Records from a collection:
>>>>>
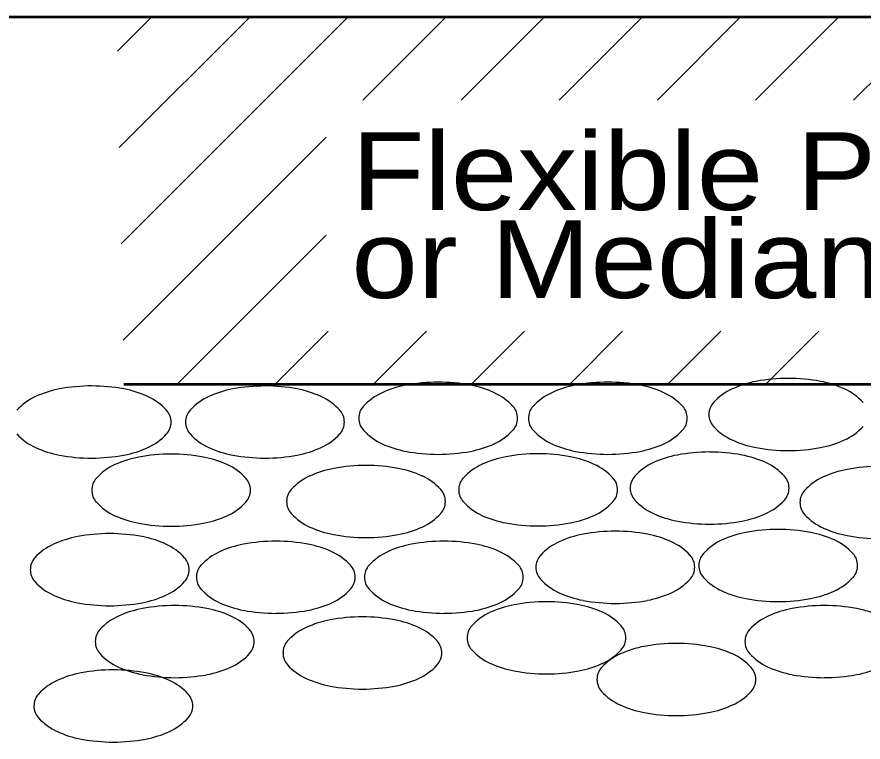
# Model space of a CAD drawing. Extents: x 32.6 to 67.9, y 27.2 to 49.
# Drawn here: x 37.805 to 39.108, y 41.239 to 42.356 of the extents above; entities that cross this region are included whole.
import ezdxf

# ---------------------------------------------------------------- set-up
doc = ezdxf.new("R2010")
doc.units = 0
doc.header["$LTSCALE"] = 0.048
for name, color, linetype, lineweight in [('1', 7, 'Continuous', 25), ('3', 7, 'Continuous', 25), ('4', 7, 'Continuous', 25)]:
    doc.layers.add(name, color=color, linetype=linetype, lineweight=lineweight)

msp = doc.modelspace()

# ---------------------------------------------------------------- linework, layer by layer
at = {"layer": '1', "lineweight": 53}
for p, q in [((37.71925, 42.35625), (46.47142, 42.35625)), ((37.96942, 41.79058), (40.392, 41.79058))]:
    msp.add_line(p, q, dxfattribs=at)
at = {"layer": '1'}
for p, q in [((37.95933, 42.30325), (38.01233, 42.35625)), ((37.96225, 42.155), (38.16358, 42.35625)), ((37.96517, 42.00675), (38.31467, 42.35625)), ((38.33758, 42.22792), (38.46583, 42.35625)), ((38.48858, 42.22792), (38.61692, 42.35625)), ((38.63975, 42.22792), (38.76808, 42.35625)), ((38.79092, 42.22792), (38.91917, 42.35625)), ((38.94208, 42.22792), (39.07042, 42.35625)), ((39.09317, 42.22792), (39.2215, 42.35625)), ((37.96808, 41.85858), (38.28075, 42.17108)), ((38.05125, 41.79058), (38.28075, 42.02)), ((38.20242, 41.79058), (38.28408, 41.87217)), ((38.35367, 41.79058), (38.43517, 41.87217)), ((38.50475, 41.79058), (38.58642, 41.87217)), ((38.65592, 41.79058), (38.7375, 41.87217)), ((38.80708, 41.79058), (38.88867, 41.87217)), ((38.95817, 41.79058), (39.03983, 41.87217))]:
    msp.add_line(p, q, dxfattribs=at)
at = {"layer": '4'}
for centre, radius, start, end in [((38.97292, 41.63695), 0.16078, 100.74124, 114.52234), ((38.99259, 41.53115), 0.26839, 89.99639, 100.65923), ((38.99259, 41.53115), 0.26839, 79.34077, 90.0036), ((39.01232, 41.63667), 0.16106, 65.50965, 79.29076), ((37.90004, 41.62498), 0.16106, 100.70924, 114.49034), ((37.91978, 41.51946), 0.26839, 89.99639, 100.65923), ((37.91978, 41.51982), 0.26801, 79.33316, 89.99599), ((37.93944, 41.62498), 0.16106, 65.50965, 79.29076), ((38.16687, 41.62498), 0.16106, 100.70924, 114.49034), ((38.18654, 41.51982), 0.26801, 90.004, 100.66684), ((38.18654, 41.51946), 0.26839, 79.34077, 90.0036), ((38.20627, 41.62498), 0.16106, 65.50965, 79.29076), ((38.4337, 41.63082), 0.16106, 100.70924, 114.49034), ((38.45337, 41.52566), 0.26801, 90.004, 100.66684), ((38.45337, 41.5253), 0.26839, 79.34077, 90.0036), ((38.4731, 41.63082), 0.16106, 65.50965, 79.29076), ((38.69498, 41.63111), 0.16078, 100.74124, 114.52234), ((38.71464, 41.5253), 0.26839, 89.99639, 100.65923), ((38.71464, 41.5253), 0.26839, 79.34077, 90.0036), ((38.73438, 41.63082), 0.16106, 65.50965, 79.29076), ((38.94264, 41.70286), 0.08822, 114.41192, 137.62591), ((39.0426, 41.70286), 0.08822, 42.37408, 65.58808), ((37.86976, 41.69117), 0.08822, 114.41192, 137.62591), ((37.96972, 41.69117), 0.08822, 42.37408, 65.58808), ((38.13659, 41.69117), 0.08822, 114.41192, 137.62591), ((38.23655, 41.69117), 0.08822, 42.37408, 65.58808), ((38.40342, 41.69702), 0.08822, 114.41192, 137.62591), ((38.50338, 41.69702), 0.08822, 42.37408, 65.58808), ((38.66469, 41.69702), 0.08822, 114.41192, 137.62591), ((38.76466, 41.69702), 0.08822, 42.37408, 65.58808), ((38.35839, 41.73813), 0.02729, 137.64282, 179.98482), ((38.54841, 41.73813), 0.02729, 0.01517, 42.35717), ((38.61966, 41.73813), 0.02729, 137.64282, 179.98482), ((38.80969, 41.73813), 0.02729, 0.01517, 42.35717), ((38.89768, 41.7439), 0.02739, 137.7174, 180.0594), ((38.01475, 41.73228), 0.02729, 0.01517, 42.35717), ((38.09156, 41.73228), 0.02729, 137.64282, 179.98482), ((38.28158, 41.73228), 0.02729, 0.01517, 42.35717), ((38.89761, 41.7439), 0.02729, 180.01517, 222.35717), ((38.01468, 41.73228), 0.02739, 317.7174, 0.0594), ((38.09163, 41.73228), 0.02739, 179.94059, 222.28259), ((38.28151, 41.73228), 0.02739, 317.7174, 0.0594), ((38.35846, 41.73813), 0.02739, 179.94059, 222.28259), ((38.54834, 41.73813), 0.02739, 317.7174, 0.0594), ((38.61974, 41.73813), 0.02739, 179.94059, 222.28259), ((38.80962, 41.73813), 0.02739, 317.7174, 0.0594), ((38.40342, 41.77917), 0.08822, 222.37408, 245.58808), ((38.50338, 41.77917), 0.08822, 294.41192, 317.62591), ((38.66469, 41.77917), 0.08822, 222.37408, 245.58808), ((38.76466, 41.77917), 0.08822, 294.41192, 317.62591), ((38.94264, 41.78501), 0.08822, 222.37408, 245.58808), ((39.0426, 41.78501), 0.08822, 294.41192, 317.62591), ((37.86976, 41.77332), 0.08822, 222.37408, 245.58808), ((37.96972, 41.77332), 0.08822, 294.41192, 317.62591), ((38.13659, 41.77332), 0.08822, 222.37408, 245.58808), ((38.23655, 41.77332), 0.08822, 294.41192, 317.62591), ((38.97292, 41.85092), 0.16078, 245.47766, 259.25876), ((39.01232, 41.8512), 0.16106, 280.70924, 294.49034), ((37.89975, 41.83959), 0.16097, 245.6104, 259.39151), ((37.93973, 41.83959), 0.16097, 280.60849, 294.3896), ((38.16659, 41.83959), 0.16097, 245.6104, 259.39151), ((38.20656, 41.83959), 0.16097, 280.60849, 294.3896), ((38.4337, 41.84536), 0.16106, 245.50965, 259.29076), ((38.4731, 41.84536), 0.16106, 280.70924, 294.49034), ((38.69498, 41.84507), 0.16078, 245.47766, 259.25876), ((38.73438, 41.84536), 0.16106, 280.70924, 294.49034), ((38.99259, 41.95672), 0.26839, 259.34077, 270.0036), ((38.99259, 41.95672), 0.26839, 269.99639, 280.65923), ((37.91978, 41.94511), 0.26839, 259.34077, 270.0036), ((37.91978, 41.94475), 0.26801, 270.004, 280.66684), ((38.0223, 41.52003), 0.16106, 100.70924, 114.49034), ((38.04204, 41.41451), 0.26839, 89.99639, 100.65923), ((38.04204, 41.41451), 0.26839, 79.34077, 90.0036), ((38.06178, 41.52003), 0.16106, 65.50965, 79.29076), ((38.18654, 41.94475), 0.26801, 259.33316, 269.99599), ((38.18654, 41.94511), 0.26839, 269.99639, 280.65923), ((38.45337, 41.95052), 0.26801, 259.33316, 269.99599), ((38.45337, 41.95088), 0.26839, 269.99639, 280.65923), ((38.58725, 41.52081), 0.16068, 100.64033, 114.42143), ((38.60727, 41.41494), 0.26839, 89.99639, 100.65923), ((38.60727, 41.41494), 0.26839, 79.34077, 90.0036), ((38.62729, 41.52046), 0.16097, 65.6104, 79.39151), ((38.71464, 41.95088), 0.26839, 259.34077, 270.0036), ((38.71464, 41.95088), 0.26839, 269.99639, 280.65923), ((38.85144, 41.52324), 0.16097, 100.60849, 114.3896), ((38.87146, 41.41772), 0.26839, 89.99639, 100.65923), ((38.87146, 41.41807), 0.26801, 79.33316, 89.99599), ((38.89141, 41.52324), 0.16097, 65.6104, 79.39151), ((37.99202, 41.58644), 0.08808, 114.47965, 137.69364), ((38.09206, 41.58644), 0.08808, 42.30635, 65.52034), ((38.34222, 41.39698), 0.26839, 89.99639, 100.65923), ((38.34222, 41.39698), 0.26839, 79.34077, 90.0036), ((38.55732, 41.58672), 0.08822, 114.41192, 137.62591), ((38.65728, 41.58672), 0.08822, 42.37408, 65.58808), ((38.82144, 41.5895), 0.08822, 114.41192, 137.62591), ((38.92141, 41.5895), 0.08822, 42.37408, 65.58808), ((39.13295, 41.39556), 0.26839, 89.99639, 100.65923), ((38.3222, 41.5025), 0.16097, 100.60849, 114.3896), ((38.36224, 41.5025), 0.16097, 65.6104, 79.39151), ((39.11321, 41.50108), 0.16106, 100.70924, 114.49034), ((37.94706, 41.62733), 0.02729, 137.64282, 179.98482), ((38.13702, 41.62733), 0.02729, 0.01517, 42.35717), ((38.2922, 41.56898), 0.08808, 114.47965, 137.69364), ((38.39223, 41.56898), 0.08808, 42.30635, 65.52034), ((38.51236, 41.62776), 0.02739, 137.7174, 180.0594), ((38.70224, 41.62776), 0.02739, 359.94059, 42.28259), ((38.77649, 41.63054), 0.02739, 137.7174, 180.0594), ((38.96637, 41.63054), 0.02739, 359.94059, 42.28259), ((39.08293, 41.56727), 0.08822, 114.41192, 137.62591), ((37.94714, 41.62733), 0.02739, 179.94059, 222.28259), ((38.13695, 41.62733), 0.02739, 317.7174, 0.0594), ((38.24731, 41.60981), 0.02739, 137.7174, 180.0594), ((38.43712, 41.60981), 0.02739, 359.94059, 42.28259), ((38.51236, 41.62776), 0.02739, 179.94059, 222.28259), ((38.70224, 41.62776), 0.02739, 317.7174, 0.0594), ((38.77649, 41.63054), 0.02739, 179.94059, 222.28259), ((38.96637, 41.63054), 0.02739, 317.7174, 0.0594), ((39.0379, 41.60838), 0.02729, 137.64282, 179.98482), ((38.82144, 41.67158), 0.08822, 222.37408, 245.58808), ((38.92141, 41.67158), 0.08822, 294.41192, 317.62591), ((37.99202, 41.66816), 0.08808, 222.30635, 245.52034), ((38.09206, 41.66816), 0.08808, 294.47965, 317.69364), ((38.24731, 41.60981), 0.02739, 179.94059, 222.28259), ((38.43712, 41.60981), 0.02739, 317.7174, 0.0594), ((38.55732, 41.6688), 0.08822, 222.37408, 245.58808), ((38.65728, 41.6688), 0.08822, 294.41192, 317.62591), ((39.03797, 41.60838), 0.02739, 179.94059, 222.28259), ((38.0223, 41.73456), 0.16106, 245.50965, 259.29076), ((38.06178, 41.73456), 0.16106, 280.70924, 294.49034), ((38.2922, 41.65063), 0.08808, 222.30635, 245.52034), ((38.39223, 41.65063), 0.08808, 294.47965, 317.69364), ((38.58725, 41.73471), 0.16068, 245.57856, 259.35967), ((38.62729, 41.73506), 0.16097, 280.60849, 294.3896), ((38.85144, 41.73784), 0.16097, 245.6104, 259.39151), ((38.89141, 41.73784), 0.16097, 280.60849, 294.3896), ((39.08293, 41.64942), 0.08822, 222.37408, 245.58808), ((38.04204, 41.84009), 0.26839, 259.34077, 270.0036), ((38.04204, 41.84009), 0.26839, 269.99639, 280.65923), ((38.60727, 41.84058), 0.26839, 259.34077, 270.0036), ((38.60727, 41.84058), 0.26839, 269.99639, 280.65923), ((38.87146, 41.84336), 0.26839, 259.34077, 270.0036), ((38.87146, 41.84301), 0.26801, 270.004, 280.66684), ((37.94756, 41.29203), 0.26839, 89.99639, 100.65923), ((37.94756, 41.29203), 0.26839, 79.34077, 90.0036), ((38.3222, 41.71711), 0.16097, 245.6104, 259.39151), ((38.36224, 41.71711), 0.16097, 280.60849, 294.3896), ((38.72618, 41.29574), 0.26839, 89.99639, 100.65923), ((38.72618, 41.29609), 0.26801, 79.33316, 89.99599), ((38.95739, 41.40404), 0.16106, 100.70924, 114.49034), ((38.97705, 41.29887), 0.26801, 90.004, 100.66684), ((38.97705, 41.29851), 0.26839, 79.34077, 90.0036), ((38.99679, 41.40404), 0.16106, 65.50965, 79.29076), ((39.11321, 41.71561), 0.16106, 245.50965, 259.29076), ((37.92754, 41.39755), 0.16097, 100.60849, 114.3896), ((37.96758, 41.39791), 0.16068, 65.57856, 79.35967), ((38.20328, 41.28035), 0.26839, 89.99639, 100.65923), ((38.20328, 41.2807), 0.26801, 79.33316, 89.99599), ((38.34222, 41.82263), 0.26839, 259.34077, 270.0036), ((38.34222, 41.82263), 0.26839, 269.99639, 280.65923), ((38.46213, 41.28035), 0.26839, 89.99639, 100.65923), ((38.46213, 41.2807), 0.26801, 79.33316, 89.99599), ((38.67617, 41.46745), 0.08822, 114.41192, 137.62591), ((38.70645, 41.40126), 0.16106, 100.70924, 114.49034), ((38.74585, 41.40126), 0.16106, 65.50965, 79.29076), ((38.77613, 41.46745), 0.08822, 42.37408, 65.58808), ((38.92711, 41.47023), 0.08822, 114.41192, 137.62591), ((39.02707, 41.47023), 0.08822, 42.37408, 65.58808), ((39.13295, 41.82113), 0.26839, 259.34077, 270.0036), ((37.89755, 41.46381), 0.08822, 114.41192, 137.62591), ((37.99751, 41.46381), 0.08822, 42.37408, 65.58808), ((38.18326, 41.38587), 0.16097, 100.60849, 114.3896), ((38.22323, 41.38587), 0.16097, 65.6104, 79.39151), ((38.44211, 41.38587), 0.16097, 100.60849, 114.3896), ((38.48208, 41.38587), 0.16097, 65.6104, 79.39151), ((37.85259, 41.50485), 0.02739, 137.7174, 180.0594), ((38.04247, 41.50485), 0.02739, 359.94059, 42.28259), ((38.15326, 41.45213), 0.08822, 114.41192, 137.62591), ((38.25323, 41.45213), 0.08822, 42.37408, 65.58808), ((38.41211, 41.45213), 0.08822, 114.41192, 137.62591), ((38.51208, 41.45213), 0.08822, 42.37408, 65.58808), ((38.63114, 41.50856), 0.02729, 137.64282, 179.98482), ((38.82116, 41.50856), 0.02729, 0.01517, 42.35717), ((38.88208, 41.51134), 0.02729, 137.64282, 179.98482), ((39.0721, 41.51134), 0.02729, 0.01517, 42.35717), ((38.1083, 41.49317), 0.02739, 137.7174, 180.0594), ((38.29818, 41.49317), 0.02739, 359.94059, 42.28259), ((38.36715, 41.49317), 0.02739, 137.7174, 180.0594), ((38.55704, 41.49317), 0.02739, 359.94059, 42.28259), ((38.63121, 41.50856), 0.02739, 179.94059, 222.28259), ((38.82109, 41.50856), 0.02739, 317.7174, 0.0594), ((38.88215, 41.51134), 0.02739, 179.94059, 222.28259), ((39.07203, 41.51134), 0.02739, 317.7174, 0.0594), ((37.85259, 41.50485), 0.02739, 179.94059, 222.28259), ((38.04247, 41.50485), 0.02739, 317.7174, 0.0594), ((37.89755, 41.54589), 0.08822, 222.37408, 245.58808), ((37.99751, 41.54589), 0.08822, 294.41192, 317.62591), ((38.10823, 41.49317), 0.02729, 180.01517, 222.35717), ((38.29826, 41.49317), 0.02729, 317.64282, 359.98482), ((38.36708, 41.49317), 0.02729, 180.01517, 222.35717), ((38.55711, 41.49317), 0.02729, 317.64282, 359.98482), ((38.67617, 41.5496), 0.08822, 222.37408, 245.58808), ((38.77613, 41.5496), 0.08822, 294.41192, 317.62591), ((38.92711, 41.55238), 0.08822, 222.37408, 245.58808), ((39.02707, 41.55238), 0.08822, 294.41192, 317.62591), ((38.15326, 41.53428), 0.08822, 222.37408, 245.58808), ((38.25323, 41.53428), 0.08822, 294.41192, 317.62591), ((38.41211, 41.53428), 0.08822, 222.37408, 245.58808), ((38.51208, 41.53428), 0.08822, 294.41192, 317.62591), ((38.70616, 41.61586), 0.16097, 245.6104, 259.39151), ((38.74613, 41.61586), 0.16097, 280.60849, 294.3896), ((38.95739, 41.61857), 0.16106, 245.50965, 259.29076), ((38.99679, 41.61857), 0.16106, 280.70924, 294.49034), ((37.92754, 41.61216), 0.16097, 245.6104, 259.39151), ((37.96758, 41.6118), 0.16068, 280.64033, 294.42143), ((38.62016, 41.18708), 0.26839, 89.99639, 100.65923), ((38.62016, 41.18708), 0.26839, 79.34077, 90.0036), ((38.72654, 41.72131), 0.26843, 259.25928, 269.92212), ((38.72576, 41.72096), 0.26805, 270.0856, 280.74844), ((38.97705, 41.72373), 0.26801, 259.33316, 269.99599), ((38.97705, 41.72409), 0.26839, 269.99639, 280.65923), ((37.94756, 41.71768), 0.26839, 259.34077, 270.0036), ((37.94756, 41.71768), 0.26839, 269.99639, 280.65923), ((38.02758, 41.28676), 0.16097, 100.60849, 114.3896), ((38.0476, 41.18124), 0.26839, 89.99639, 100.65923), ((38.0476, 41.18124), 0.26839, 79.34077, 90.0036), ((38.06762, 41.28676), 0.16097, 65.6104, 79.39151), ((38.18354, 41.60047), 0.16106, 245.50965, 259.29076), ((38.20328, 41.70564), 0.26801, 270.004, 280.66684), ((38.22294, 41.60047), 0.16106, 280.70924, 294.49034), ((38.44239, 41.60047), 0.16106, 245.50965, 259.29076), ((38.46213, 41.70564), 0.26801, 270.004, 280.66684), ((38.4818, 41.60047), 0.16106, 280.70924, 294.49034), ((38.60043, 41.2926), 0.16106, 100.70924, 114.49034), ((38.6399, 41.2926), 0.16106, 65.50965, 79.29076), ((39.02821, 41.28676), 0.16097, 100.60849, 114.3896), ((39.04823, 41.18124), 0.26839, 89.99639, 100.65923), ((39.04823, 41.18159), 0.26801, 79.33316, 89.99599), ((39.06818, 41.28676), 0.16097, 65.6104, 79.39151), ((37.99758, 41.35323), 0.08808, 114.47965, 137.69364), ((38.09762, 41.35323), 0.08808, 42.30635, 65.52034), ((38.20328, 41.70599), 0.26839, 259.34077, 270.0036), ((38.33666, 41.16378), 0.26839, 89.99639, 100.65923), ((38.33666, 41.16378), 0.26839, 79.34077, 90.0036), ((38.46213, 41.70599), 0.26839, 259.34077, 270.0036), ((38.57015, 41.35901), 0.08808, 114.47965, 137.69364), ((38.67018, 41.35901), 0.08808, 42.30635, 65.52034), ((38.99822, 41.35302), 0.08822, 114.41192, 137.62591), ((38.31692, 41.2693), 0.16106, 100.70924, 114.49034), ((38.3564, 41.2693), 0.16106, 65.50965, 79.29076), ((38.52519, 41.3999), 0.02729, 137.64282, 179.98482), ((38.71514, 41.3999), 0.02729, 0.01517, 42.35717), ((37.95269, 41.39406), 0.02739, 137.7174, 180.0594), ((38.1425, 41.39406), 0.02739, 359.94059, 42.28259), ((38.28664, 41.33571), 0.08808, 114.47965, 137.69364), ((38.38668, 41.33571), 0.08808, 42.30635, 65.52034), ((38.95326, 41.39406), 0.02739, 137.7174, 180.0594), ((37.95269, 41.39406), 0.02739, 179.94059, 222.28259), ((38.1425, 41.39406), 0.02739, 317.7174, 0.0594), ((38.24175, 41.37653), 0.02739, 137.7174, 180.0594), ((38.43156, 41.37653), 0.02739, 359.94059, 42.28259), ((38.52526, 41.3999), 0.02739, 179.94059, 222.28259), ((38.71507, 41.3999), 0.02739, 317.7174, 0.0594), ((38.8203, 41.12295), 0.26839, 89.99639, 100.65923), ((38.8203, 41.12295), 0.26839, 79.34077, 90.0036), ((38.95326, 41.39406), 0.02739, 179.94059, 222.28259), ((38.57015, 41.44073), 0.08808, 222.30635, 245.52034), ((38.67018, 41.44073), 0.08808, 294.47965, 317.69364), ((38.80057, 41.22848), 0.16106, 100.70924, 114.49034), ((38.83997, 41.22876), 0.16078, 65.47766, 79.25876), ((37.99758, 41.43489), 0.08808, 222.30635, 245.52034), ((38.09762, 41.43489), 0.08808, 294.47965, 317.69364), ((38.24168, 41.37653), 0.02729, 180.01517, 222.35717), ((38.43164, 41.37653), 0.02729, 317.64282, 359.98482), ((38.77029, 41.29467), 0.08822, 114.41192, 137.62591), ((38.87025, 41.29467), 0.08822, 42.37408, 65.58808), ((38.99822, 41.4351), 0.08822, 222.37408, 245.58808), ((38.02758, 41.50136), 0.16097, 245.6104, 259.39151), ((38.06762, 41.50136), 0.16097, 280.60849, 294.3896), ((38.28664, 41.41743), 0.08808, 222.30635, 245.52034), ((38.38668, 41.41743), 0.08808, 294.47965, 317.69364), ((38.60014, 41.50721), 0.16097, 245.6104, 259.39151), ((38.64018, 41.50721), 0.16097, 280.60849, 294.3896), ((38.72533, 41.33571), 0.02739, 137.7174, 180.0594), ((38.91521, 41.33571), 0.02739, 359.94059, 42.28259), ((39.02821, 41.50136), 0.16097, 245.6104, 259.39151), ((39.06818, 41.50136), 0.16097, 280.60849, 294.3896), ((37.93338, 41.18765), 0.16106, 100.70924, 114.49034), ((37.95312, 41.08213), 0.26839, 89.99639, 100.65923), ((37.95312, 41.08213), 0.26839, 79.34077, 90.0036), ((38.0476, 41.60688), 0.26839, 259.34077, 270.0036), ((37.97279, 41.18793), 0.16078, 65.47766, 79.25876), ((38.0476, 41.60688), 0.26839, 269.99639, 280.65923), ((38.62016, 41.61273), 0.26839, 259.34077, 270.0036), ((38.62016, 41.61273), 0.26839, 269.99639, 280.65923), ((39.04823, 41.60688), 0.26839, 259.34077, 270.0036), ((39.04823, 41.60653), 0.26801, 270.004, 280.66684), ((37.9031, 41.25384), 0.08822, 114.41192, 137.62591), ((38.00307, 41.25384), 0.08822, 42.37408, 65.58808), ((38.31692, 41.48384), 0.16106, 245.50965, 259.29076), ((38.33666, 41.58936), 0.26839, 259.34077, 270.0036), ((38.33666, 41.58936), 0.26839, 269.99639, 280.65923), ((38.3564, 41.48384), 0.16106, 280.70924, 294.49034), ((38.72526, 41.33571), 0.02729, 180.01517, 222.35717), ((38.91528, 41.33571), 0.02729, 317.64282, 359.98482), ((37.85807, 41.29495), 0.02729, 137.64282, 179.98482), ((38.0481, 41.29495), 0.02729, 0.01517, 42.35717), ((38.77029, 41.37682), 0.08822, 222.37408, 245.58808), ((38.87025, 41.37682), 0.08822, 294.41192, 317.62591), ((37.85814, 41.29495), 0.02739, 179.94059, 222.28259), ((38.04803, 41.29495), 0.02739, 317.7174, 0.0594), ((38.80057, 41.44301), 0.16106, 245.50965, 259.29076), ((38.83997, 41.44272), 0.16078, 280.74124, 294.52234), ((37.9031, 41.33599), 0.08822, 222.37408, 245.58808), ((38.00307, 41.33599), 0.08822, 294.41192, 317.62591), ((38.8203, 41.54853), 0.26839, 259.34077, 270.0036), ((38.8203, 41.54853), 0.26839, 269.99639, 280.65923), ((37.93338, 41.40218), 0.16106, 245.50965, 259.29076), ((37.97279, 41.4019), 0.16078, 280.74124, 294.52234), ((37.95312, 41.5077), 0.26839, 259.34077, 270.0036), ((37.95312, 41.5077), 0.26839, 269.99639, 280.65923)]:
    msp.add_arc(centre, radius, start, end, dxfattribs=at)

# ---------------------------------------------------------------- texts
at = {"layer": '3', "width": 1.15}
for s, p in [('Flexible Pavement', (38.31967, 42.05883)), ('or Median Shoulder', (38.31967, 41.92333))]:
    msp.add_text(s, height=0.1197, dxfattribs=at).set_placement(p)

doc.saveas('drawing.dxf')
<<<<<
▶ [PROBLEM REQUIREMENTS] Retype each line of the data exactly, beginning with the first; include the line containing "doc.units = 0" and stop there, skipping every picture.

▶ [RESPONSE TO THIS TASK]
# Model space of a CAD drawing. Extents: x 32.6 to 67.9, y 27.2 to 49.
# Drawn here: x 37.805 to 39.108, y 41.239 to 42.356 of the extents above; entities that cross this region are included whole.
import ezdxf

# ---------------------------------------------------------------- set-up
doc = ezdxf.new("R2010")
doc.units = 0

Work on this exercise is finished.